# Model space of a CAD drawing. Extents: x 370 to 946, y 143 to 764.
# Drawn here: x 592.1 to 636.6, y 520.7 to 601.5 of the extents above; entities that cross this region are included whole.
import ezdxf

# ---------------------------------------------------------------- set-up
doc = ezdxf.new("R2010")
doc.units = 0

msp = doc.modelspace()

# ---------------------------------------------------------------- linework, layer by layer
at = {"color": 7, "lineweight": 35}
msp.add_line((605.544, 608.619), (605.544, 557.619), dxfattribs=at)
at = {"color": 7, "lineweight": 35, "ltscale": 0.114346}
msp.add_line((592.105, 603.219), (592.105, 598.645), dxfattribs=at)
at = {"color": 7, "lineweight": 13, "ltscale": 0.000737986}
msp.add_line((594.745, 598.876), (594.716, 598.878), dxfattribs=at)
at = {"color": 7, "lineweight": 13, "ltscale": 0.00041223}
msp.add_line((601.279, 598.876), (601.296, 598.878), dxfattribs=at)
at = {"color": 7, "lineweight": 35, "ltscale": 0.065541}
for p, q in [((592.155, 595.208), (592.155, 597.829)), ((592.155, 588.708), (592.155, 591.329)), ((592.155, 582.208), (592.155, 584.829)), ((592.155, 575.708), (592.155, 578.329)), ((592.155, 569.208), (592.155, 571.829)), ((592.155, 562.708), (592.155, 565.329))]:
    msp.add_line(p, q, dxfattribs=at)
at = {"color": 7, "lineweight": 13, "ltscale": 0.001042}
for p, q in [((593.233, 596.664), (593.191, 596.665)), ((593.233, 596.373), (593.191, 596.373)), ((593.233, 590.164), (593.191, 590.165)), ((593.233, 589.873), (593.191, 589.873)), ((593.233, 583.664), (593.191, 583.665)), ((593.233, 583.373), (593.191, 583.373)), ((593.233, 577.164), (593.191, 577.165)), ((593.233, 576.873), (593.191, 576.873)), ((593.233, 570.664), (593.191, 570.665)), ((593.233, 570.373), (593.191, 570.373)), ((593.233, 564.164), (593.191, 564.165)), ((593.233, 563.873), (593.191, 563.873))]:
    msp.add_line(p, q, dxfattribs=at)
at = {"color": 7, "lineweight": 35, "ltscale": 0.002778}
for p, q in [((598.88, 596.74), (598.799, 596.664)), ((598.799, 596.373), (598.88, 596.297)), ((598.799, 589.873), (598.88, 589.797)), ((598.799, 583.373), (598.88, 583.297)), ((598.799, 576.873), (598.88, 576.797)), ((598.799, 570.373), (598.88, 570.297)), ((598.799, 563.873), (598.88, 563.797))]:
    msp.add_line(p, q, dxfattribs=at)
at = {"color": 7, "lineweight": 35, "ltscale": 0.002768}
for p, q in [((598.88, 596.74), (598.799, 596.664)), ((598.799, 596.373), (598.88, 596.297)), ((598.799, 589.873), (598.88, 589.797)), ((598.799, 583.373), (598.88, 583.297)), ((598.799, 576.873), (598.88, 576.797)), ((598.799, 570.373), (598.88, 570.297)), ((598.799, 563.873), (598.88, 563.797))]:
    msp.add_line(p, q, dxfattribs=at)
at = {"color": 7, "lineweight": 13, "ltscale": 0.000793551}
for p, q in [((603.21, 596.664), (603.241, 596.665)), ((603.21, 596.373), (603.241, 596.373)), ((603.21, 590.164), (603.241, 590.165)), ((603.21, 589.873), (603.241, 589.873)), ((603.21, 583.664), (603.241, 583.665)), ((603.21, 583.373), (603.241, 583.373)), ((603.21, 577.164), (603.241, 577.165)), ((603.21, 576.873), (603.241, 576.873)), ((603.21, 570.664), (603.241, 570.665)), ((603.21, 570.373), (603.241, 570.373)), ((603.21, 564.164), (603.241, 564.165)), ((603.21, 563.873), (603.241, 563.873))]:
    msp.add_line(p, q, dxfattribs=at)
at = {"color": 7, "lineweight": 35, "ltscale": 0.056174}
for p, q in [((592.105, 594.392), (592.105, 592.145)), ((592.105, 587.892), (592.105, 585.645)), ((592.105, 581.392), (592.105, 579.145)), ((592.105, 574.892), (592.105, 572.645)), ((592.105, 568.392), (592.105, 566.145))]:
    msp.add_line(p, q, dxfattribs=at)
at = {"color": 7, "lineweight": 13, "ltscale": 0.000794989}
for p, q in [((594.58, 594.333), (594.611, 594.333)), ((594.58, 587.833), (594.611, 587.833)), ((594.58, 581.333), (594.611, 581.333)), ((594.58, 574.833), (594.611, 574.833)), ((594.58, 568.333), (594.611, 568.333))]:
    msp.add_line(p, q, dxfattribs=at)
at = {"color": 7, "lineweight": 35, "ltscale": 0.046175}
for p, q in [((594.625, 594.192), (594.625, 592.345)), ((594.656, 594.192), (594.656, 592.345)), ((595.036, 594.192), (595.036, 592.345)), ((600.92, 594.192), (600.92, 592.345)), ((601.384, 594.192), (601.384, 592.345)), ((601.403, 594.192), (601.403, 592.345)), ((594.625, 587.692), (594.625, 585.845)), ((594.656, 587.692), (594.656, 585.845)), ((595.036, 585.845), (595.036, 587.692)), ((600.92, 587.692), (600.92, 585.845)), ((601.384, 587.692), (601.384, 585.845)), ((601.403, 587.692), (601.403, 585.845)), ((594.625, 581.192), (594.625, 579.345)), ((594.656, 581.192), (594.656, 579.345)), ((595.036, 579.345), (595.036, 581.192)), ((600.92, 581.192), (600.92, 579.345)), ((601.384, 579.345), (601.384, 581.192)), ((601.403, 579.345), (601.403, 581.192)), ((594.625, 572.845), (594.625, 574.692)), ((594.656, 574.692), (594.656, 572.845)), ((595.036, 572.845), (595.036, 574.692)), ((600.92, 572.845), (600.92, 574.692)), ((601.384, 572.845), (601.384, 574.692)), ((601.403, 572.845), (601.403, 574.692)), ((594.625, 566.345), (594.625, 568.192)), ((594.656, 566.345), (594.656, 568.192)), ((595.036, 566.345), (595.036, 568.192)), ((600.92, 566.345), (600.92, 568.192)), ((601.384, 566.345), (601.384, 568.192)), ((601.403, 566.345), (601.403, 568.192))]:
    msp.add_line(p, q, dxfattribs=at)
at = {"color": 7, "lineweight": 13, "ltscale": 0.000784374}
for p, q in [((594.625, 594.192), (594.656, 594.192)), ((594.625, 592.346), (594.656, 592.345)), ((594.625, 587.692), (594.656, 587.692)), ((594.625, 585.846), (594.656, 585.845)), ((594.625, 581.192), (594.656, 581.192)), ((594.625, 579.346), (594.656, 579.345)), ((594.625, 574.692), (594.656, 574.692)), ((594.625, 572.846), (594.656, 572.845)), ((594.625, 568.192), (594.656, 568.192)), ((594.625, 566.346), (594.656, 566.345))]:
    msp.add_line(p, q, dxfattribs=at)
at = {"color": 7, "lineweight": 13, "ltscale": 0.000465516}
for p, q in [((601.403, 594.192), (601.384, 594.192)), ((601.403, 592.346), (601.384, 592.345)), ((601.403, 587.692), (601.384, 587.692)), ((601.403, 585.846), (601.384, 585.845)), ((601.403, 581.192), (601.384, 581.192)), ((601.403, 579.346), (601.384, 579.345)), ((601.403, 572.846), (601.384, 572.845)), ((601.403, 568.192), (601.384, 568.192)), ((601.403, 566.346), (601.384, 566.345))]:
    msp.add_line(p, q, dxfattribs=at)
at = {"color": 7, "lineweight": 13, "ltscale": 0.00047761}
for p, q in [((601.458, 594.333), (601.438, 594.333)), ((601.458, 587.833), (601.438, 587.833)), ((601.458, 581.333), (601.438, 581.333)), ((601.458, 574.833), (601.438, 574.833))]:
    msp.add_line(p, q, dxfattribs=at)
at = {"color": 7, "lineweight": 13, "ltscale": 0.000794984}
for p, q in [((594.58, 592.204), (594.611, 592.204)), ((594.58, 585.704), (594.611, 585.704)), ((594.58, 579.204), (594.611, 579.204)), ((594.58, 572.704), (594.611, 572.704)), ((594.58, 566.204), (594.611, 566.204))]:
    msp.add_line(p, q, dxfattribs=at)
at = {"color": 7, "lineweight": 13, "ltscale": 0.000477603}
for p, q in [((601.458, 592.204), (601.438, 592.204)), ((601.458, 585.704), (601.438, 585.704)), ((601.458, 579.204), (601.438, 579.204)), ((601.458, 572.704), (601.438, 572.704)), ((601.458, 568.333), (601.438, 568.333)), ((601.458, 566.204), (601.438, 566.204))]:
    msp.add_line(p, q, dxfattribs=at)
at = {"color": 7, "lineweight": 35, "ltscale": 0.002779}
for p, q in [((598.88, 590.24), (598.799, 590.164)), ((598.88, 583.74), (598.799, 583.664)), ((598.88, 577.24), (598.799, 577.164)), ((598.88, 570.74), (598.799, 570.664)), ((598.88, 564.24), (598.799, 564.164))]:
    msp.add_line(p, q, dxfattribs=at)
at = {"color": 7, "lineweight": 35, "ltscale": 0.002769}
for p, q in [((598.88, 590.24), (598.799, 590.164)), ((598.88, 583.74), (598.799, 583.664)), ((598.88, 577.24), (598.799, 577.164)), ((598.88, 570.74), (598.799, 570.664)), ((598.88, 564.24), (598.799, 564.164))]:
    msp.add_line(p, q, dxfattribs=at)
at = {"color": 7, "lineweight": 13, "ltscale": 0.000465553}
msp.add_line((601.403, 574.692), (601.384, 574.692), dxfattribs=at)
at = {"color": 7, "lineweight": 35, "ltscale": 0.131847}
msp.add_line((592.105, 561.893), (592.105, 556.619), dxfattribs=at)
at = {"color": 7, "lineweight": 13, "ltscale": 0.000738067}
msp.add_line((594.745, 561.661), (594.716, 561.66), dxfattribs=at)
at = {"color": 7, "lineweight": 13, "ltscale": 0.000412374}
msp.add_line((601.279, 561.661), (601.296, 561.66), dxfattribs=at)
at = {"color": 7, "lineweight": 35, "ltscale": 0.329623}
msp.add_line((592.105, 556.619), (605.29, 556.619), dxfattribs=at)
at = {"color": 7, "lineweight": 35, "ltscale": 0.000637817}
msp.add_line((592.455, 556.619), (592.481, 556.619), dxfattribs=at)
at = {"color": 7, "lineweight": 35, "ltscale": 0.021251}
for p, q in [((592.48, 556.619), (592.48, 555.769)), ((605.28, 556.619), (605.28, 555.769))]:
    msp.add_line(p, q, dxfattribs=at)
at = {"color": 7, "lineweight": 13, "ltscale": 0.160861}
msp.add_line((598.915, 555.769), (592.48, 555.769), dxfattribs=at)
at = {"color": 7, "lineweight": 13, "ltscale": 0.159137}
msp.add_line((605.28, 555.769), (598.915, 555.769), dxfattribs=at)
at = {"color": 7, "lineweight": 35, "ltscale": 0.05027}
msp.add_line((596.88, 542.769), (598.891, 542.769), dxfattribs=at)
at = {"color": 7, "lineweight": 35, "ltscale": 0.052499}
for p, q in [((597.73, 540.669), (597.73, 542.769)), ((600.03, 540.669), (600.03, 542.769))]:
====================
▶ _Exercise details_:
Only the lines from the beginning of the data above through the line containing "layer by layer" should be repeated, exactly as they appear.

▶ _Result for this task_:
# Model space of a CAD drawing. Extents: x 370 to 946, y 143 to 764.
# Drawn here: x 592.1 to 636.6, y 520.7 to 601.5 of the extents above; entities that cross this region are included whole.
import ezdxf

# ---------------------------------------------------------------- set-up
doc = ezdxf.new("R2010")
doc.units = 0

msp = doc.modelspace()

# ---------------------------------------------------------------- linework, layer by layer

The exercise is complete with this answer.